Small hog herds are coming back, or, more accurately, they are becoming profitable again after never really going away. They are just easing out of the brushy fencerows and the far corners. It is a very different situation now, and I’m seeing hogs being held by very purpose-driven, niche-market-oriented producers.

Certainly the big players are established and seemingly quite busy trying to devour each other. Some see them as looming over the landscape forever, or, more likely, until labor issues, environmental problems or public resistance—separately or collectively—cause them to seek greener (less-regulated) pastures in the Third World. Indeed, there is a belief that Big Pork is already primed to jump to Central or South America as soon as transport issues are resolved.

While here, they need a modest number of smaller producers in place to give their business that all-important family-farm veil of respectability.
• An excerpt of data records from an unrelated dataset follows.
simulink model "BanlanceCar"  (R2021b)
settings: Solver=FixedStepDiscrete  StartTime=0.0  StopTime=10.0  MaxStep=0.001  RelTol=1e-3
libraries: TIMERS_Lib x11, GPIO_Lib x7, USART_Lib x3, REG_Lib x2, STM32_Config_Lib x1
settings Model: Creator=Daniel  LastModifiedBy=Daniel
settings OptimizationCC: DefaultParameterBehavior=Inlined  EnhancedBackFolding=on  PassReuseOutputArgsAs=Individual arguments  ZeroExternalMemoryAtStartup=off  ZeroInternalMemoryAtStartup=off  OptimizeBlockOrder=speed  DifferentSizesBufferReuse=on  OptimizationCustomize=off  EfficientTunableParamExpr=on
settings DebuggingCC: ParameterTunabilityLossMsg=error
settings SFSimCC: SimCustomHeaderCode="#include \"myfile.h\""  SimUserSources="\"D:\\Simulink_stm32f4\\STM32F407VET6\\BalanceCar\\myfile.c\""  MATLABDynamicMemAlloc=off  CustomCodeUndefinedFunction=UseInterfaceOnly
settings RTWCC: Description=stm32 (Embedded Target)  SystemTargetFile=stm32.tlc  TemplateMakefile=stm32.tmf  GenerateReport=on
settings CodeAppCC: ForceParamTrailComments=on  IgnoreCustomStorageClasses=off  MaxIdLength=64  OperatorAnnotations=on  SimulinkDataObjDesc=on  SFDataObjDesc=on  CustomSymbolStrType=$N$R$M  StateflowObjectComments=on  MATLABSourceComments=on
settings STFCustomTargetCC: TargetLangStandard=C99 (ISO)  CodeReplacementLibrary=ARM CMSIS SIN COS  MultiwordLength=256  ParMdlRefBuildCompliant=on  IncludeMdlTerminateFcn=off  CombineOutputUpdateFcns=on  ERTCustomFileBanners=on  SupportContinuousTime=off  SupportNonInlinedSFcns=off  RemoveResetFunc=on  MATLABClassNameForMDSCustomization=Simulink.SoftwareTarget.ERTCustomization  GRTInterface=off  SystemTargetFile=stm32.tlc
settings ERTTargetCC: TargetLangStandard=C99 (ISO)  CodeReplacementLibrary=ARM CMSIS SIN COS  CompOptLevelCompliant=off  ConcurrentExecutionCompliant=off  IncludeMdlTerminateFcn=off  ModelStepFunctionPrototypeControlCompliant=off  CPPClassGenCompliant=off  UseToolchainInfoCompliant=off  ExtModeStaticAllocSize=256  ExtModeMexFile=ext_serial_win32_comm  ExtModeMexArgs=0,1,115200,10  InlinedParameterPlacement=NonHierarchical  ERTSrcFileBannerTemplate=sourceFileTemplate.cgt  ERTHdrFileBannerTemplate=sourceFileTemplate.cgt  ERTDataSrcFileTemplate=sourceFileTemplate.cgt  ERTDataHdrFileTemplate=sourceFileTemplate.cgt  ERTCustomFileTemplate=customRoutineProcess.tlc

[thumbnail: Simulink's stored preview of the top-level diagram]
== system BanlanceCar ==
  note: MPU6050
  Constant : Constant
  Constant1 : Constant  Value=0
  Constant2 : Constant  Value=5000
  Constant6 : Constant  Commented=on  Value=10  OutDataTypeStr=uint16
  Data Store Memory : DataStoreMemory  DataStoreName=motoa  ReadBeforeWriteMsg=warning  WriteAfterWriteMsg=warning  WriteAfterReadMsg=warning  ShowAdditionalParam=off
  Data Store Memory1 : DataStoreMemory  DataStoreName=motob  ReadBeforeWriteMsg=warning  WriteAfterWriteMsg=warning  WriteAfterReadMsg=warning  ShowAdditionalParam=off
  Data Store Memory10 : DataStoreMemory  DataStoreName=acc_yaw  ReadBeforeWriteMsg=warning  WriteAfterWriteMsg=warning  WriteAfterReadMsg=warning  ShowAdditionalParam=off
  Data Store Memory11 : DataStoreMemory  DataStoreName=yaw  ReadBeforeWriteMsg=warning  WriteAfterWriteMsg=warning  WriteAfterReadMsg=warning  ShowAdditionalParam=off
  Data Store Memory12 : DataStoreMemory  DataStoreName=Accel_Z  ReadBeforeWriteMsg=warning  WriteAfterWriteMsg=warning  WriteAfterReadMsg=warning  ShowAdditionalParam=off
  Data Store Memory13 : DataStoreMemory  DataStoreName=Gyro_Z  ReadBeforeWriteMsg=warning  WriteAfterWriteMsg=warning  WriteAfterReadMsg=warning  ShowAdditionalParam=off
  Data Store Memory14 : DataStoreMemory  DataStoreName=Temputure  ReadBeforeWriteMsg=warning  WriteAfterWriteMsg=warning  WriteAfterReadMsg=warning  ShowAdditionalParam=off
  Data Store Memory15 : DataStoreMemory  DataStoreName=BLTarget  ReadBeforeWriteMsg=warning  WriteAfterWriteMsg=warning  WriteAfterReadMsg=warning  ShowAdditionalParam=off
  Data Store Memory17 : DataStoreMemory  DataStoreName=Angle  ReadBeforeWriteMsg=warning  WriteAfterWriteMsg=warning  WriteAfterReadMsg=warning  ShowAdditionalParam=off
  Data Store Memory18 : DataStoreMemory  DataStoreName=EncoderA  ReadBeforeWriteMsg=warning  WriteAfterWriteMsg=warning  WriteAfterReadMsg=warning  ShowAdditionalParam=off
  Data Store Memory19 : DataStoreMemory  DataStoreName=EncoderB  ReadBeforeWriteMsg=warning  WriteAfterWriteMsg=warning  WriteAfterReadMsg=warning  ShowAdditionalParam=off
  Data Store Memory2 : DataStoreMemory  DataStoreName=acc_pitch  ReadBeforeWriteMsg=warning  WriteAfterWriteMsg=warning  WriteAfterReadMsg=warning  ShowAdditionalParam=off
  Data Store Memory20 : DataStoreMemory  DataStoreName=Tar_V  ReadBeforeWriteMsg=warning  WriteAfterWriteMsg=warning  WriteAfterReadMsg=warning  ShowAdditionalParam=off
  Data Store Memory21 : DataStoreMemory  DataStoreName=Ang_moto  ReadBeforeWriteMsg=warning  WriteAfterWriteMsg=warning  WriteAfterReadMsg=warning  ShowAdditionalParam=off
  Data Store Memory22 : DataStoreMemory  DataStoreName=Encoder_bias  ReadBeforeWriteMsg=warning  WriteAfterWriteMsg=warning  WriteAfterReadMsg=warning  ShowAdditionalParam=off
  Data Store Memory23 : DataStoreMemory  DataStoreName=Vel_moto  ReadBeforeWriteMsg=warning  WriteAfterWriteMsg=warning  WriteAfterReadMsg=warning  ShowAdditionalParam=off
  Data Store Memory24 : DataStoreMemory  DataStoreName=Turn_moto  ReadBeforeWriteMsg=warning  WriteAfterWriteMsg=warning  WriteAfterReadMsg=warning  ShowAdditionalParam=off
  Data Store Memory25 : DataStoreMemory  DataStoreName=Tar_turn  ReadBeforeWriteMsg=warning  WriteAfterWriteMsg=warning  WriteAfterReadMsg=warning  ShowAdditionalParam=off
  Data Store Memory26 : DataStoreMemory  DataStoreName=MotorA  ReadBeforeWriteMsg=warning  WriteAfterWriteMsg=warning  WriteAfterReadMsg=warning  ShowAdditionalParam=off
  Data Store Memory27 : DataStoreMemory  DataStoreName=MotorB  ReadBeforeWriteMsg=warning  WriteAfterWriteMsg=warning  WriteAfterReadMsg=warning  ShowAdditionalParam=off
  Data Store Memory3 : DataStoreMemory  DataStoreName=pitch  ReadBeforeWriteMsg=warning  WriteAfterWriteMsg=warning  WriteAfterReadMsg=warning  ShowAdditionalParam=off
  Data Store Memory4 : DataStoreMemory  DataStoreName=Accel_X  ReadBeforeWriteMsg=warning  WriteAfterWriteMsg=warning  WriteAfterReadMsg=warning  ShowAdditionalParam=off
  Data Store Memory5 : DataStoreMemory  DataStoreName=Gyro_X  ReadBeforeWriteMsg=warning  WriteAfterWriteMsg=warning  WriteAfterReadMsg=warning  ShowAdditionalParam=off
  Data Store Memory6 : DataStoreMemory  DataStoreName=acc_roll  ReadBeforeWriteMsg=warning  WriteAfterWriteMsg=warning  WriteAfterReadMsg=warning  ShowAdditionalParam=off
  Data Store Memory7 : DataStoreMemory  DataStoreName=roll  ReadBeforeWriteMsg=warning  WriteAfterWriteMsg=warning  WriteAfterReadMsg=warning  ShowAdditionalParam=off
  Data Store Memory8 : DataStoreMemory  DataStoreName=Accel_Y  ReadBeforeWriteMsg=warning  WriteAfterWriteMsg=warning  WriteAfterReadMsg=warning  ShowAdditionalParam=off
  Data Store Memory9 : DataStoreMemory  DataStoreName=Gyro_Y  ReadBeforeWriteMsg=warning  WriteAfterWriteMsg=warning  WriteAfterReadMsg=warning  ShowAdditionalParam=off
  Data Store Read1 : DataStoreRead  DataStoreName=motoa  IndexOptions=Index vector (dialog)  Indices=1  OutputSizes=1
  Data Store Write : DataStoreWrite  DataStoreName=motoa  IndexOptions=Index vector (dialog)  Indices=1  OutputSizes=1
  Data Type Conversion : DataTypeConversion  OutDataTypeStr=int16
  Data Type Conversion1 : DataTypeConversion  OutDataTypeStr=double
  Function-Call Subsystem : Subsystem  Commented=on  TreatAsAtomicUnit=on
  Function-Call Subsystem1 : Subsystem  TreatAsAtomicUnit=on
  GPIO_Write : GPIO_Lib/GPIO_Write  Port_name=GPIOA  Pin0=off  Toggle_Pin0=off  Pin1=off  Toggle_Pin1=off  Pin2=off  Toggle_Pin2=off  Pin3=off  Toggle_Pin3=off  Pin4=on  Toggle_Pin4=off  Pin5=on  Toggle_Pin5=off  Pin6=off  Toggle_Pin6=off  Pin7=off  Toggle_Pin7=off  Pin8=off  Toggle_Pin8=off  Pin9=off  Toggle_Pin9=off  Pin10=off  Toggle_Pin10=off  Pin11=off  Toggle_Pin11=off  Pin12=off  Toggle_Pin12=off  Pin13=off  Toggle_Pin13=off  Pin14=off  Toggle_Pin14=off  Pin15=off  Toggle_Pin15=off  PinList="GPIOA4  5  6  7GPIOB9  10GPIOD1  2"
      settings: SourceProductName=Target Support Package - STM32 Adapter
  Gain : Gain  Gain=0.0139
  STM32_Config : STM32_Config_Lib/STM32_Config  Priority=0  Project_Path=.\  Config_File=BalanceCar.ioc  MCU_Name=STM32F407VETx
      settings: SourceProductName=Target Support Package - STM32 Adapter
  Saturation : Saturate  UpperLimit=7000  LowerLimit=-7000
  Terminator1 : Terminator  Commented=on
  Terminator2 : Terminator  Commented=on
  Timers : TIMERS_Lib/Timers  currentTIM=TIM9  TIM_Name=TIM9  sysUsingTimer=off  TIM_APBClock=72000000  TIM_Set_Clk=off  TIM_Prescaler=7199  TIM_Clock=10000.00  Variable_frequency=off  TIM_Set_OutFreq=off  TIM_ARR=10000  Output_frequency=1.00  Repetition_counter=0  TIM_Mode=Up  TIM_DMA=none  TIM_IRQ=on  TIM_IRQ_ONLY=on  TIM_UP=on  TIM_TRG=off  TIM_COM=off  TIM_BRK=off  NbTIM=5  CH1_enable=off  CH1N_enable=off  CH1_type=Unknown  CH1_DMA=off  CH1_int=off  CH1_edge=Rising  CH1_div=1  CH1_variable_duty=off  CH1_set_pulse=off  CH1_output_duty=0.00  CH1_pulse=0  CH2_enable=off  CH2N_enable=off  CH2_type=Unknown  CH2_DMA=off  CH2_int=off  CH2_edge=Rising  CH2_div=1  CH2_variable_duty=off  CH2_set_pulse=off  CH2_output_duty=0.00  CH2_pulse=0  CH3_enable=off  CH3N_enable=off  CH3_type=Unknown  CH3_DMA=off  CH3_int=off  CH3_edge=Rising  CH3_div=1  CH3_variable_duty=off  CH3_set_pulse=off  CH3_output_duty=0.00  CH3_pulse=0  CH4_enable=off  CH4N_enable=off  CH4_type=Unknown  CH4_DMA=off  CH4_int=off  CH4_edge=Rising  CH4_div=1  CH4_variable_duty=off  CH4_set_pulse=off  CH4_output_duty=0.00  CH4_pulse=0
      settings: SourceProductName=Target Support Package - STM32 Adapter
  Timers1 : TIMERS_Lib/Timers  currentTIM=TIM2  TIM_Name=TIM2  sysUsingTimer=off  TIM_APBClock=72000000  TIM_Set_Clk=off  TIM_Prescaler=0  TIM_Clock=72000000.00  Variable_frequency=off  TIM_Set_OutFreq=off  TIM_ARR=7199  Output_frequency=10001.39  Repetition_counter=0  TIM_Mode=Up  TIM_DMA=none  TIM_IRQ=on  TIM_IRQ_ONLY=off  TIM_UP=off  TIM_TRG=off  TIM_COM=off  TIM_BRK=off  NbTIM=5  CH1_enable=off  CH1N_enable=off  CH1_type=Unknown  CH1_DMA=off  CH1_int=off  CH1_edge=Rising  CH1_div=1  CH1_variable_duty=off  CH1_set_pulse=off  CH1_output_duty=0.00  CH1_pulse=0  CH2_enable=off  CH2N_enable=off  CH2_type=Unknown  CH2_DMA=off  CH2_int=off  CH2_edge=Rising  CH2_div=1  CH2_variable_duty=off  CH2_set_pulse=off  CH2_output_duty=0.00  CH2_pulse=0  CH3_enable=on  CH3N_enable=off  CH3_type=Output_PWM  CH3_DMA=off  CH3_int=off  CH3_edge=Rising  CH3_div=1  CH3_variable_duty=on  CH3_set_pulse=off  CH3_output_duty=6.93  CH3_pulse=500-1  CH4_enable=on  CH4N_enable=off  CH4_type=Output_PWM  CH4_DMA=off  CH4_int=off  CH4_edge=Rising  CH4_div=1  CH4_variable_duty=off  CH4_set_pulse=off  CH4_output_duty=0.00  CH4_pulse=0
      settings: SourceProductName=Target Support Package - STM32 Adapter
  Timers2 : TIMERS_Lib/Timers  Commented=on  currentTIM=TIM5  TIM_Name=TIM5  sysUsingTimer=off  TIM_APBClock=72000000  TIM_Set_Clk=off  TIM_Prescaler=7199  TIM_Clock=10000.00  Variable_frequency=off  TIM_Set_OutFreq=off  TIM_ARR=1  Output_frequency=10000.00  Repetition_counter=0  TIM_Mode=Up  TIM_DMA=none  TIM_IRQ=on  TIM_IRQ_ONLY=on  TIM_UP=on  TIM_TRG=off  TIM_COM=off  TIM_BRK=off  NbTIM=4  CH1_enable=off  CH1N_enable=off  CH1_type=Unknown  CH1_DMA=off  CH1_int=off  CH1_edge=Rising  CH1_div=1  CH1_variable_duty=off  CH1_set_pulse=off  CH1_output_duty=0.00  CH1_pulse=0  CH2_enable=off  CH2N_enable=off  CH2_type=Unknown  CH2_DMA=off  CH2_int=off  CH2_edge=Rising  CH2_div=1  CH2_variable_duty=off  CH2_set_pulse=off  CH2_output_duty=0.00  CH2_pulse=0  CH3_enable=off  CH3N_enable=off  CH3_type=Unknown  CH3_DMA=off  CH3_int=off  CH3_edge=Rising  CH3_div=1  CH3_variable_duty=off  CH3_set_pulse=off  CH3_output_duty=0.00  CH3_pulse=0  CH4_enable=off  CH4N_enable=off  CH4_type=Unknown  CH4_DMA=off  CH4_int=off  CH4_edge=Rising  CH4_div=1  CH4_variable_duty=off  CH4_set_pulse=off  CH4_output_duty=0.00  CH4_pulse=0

They have done this, in part, through contract production and leaving a few, very small market outlets untapped. All too often it seems that all they use contract production for is to shift numbers to circumvent CAFO environmental regulations based on animal numbers in one location.

Diversified independence

A body of truly independent livestock producers has remained and even grown recently. Common to nearly all of them is pork production that is not a singular focus of the farm, but rather one enterprise fitted into a diversified, integrated system.

These specialized hog raisers are:

  • Producing precisely to the needs of their markets.
  • Quite responsive to, and interactive with, these markets.
  • Very often using purebred genetics exclusively.
  • Investing as much time in marketing as in production.

When kept in modest numbers, hogs can fit in just about anywhere in the country. Many farmers are finding their markets simply by producing products to once again fill pork’s historical role in their region’s foodways.

There is a history of pork consumption and production of a very specific and distinct nature in New England, the Eastern Seaboard, the South, the Southeast, the Midwest and among numerous ethnic populations. This demand is built on pork of a savor and taste now sadly lacking in the factory-farm pork product.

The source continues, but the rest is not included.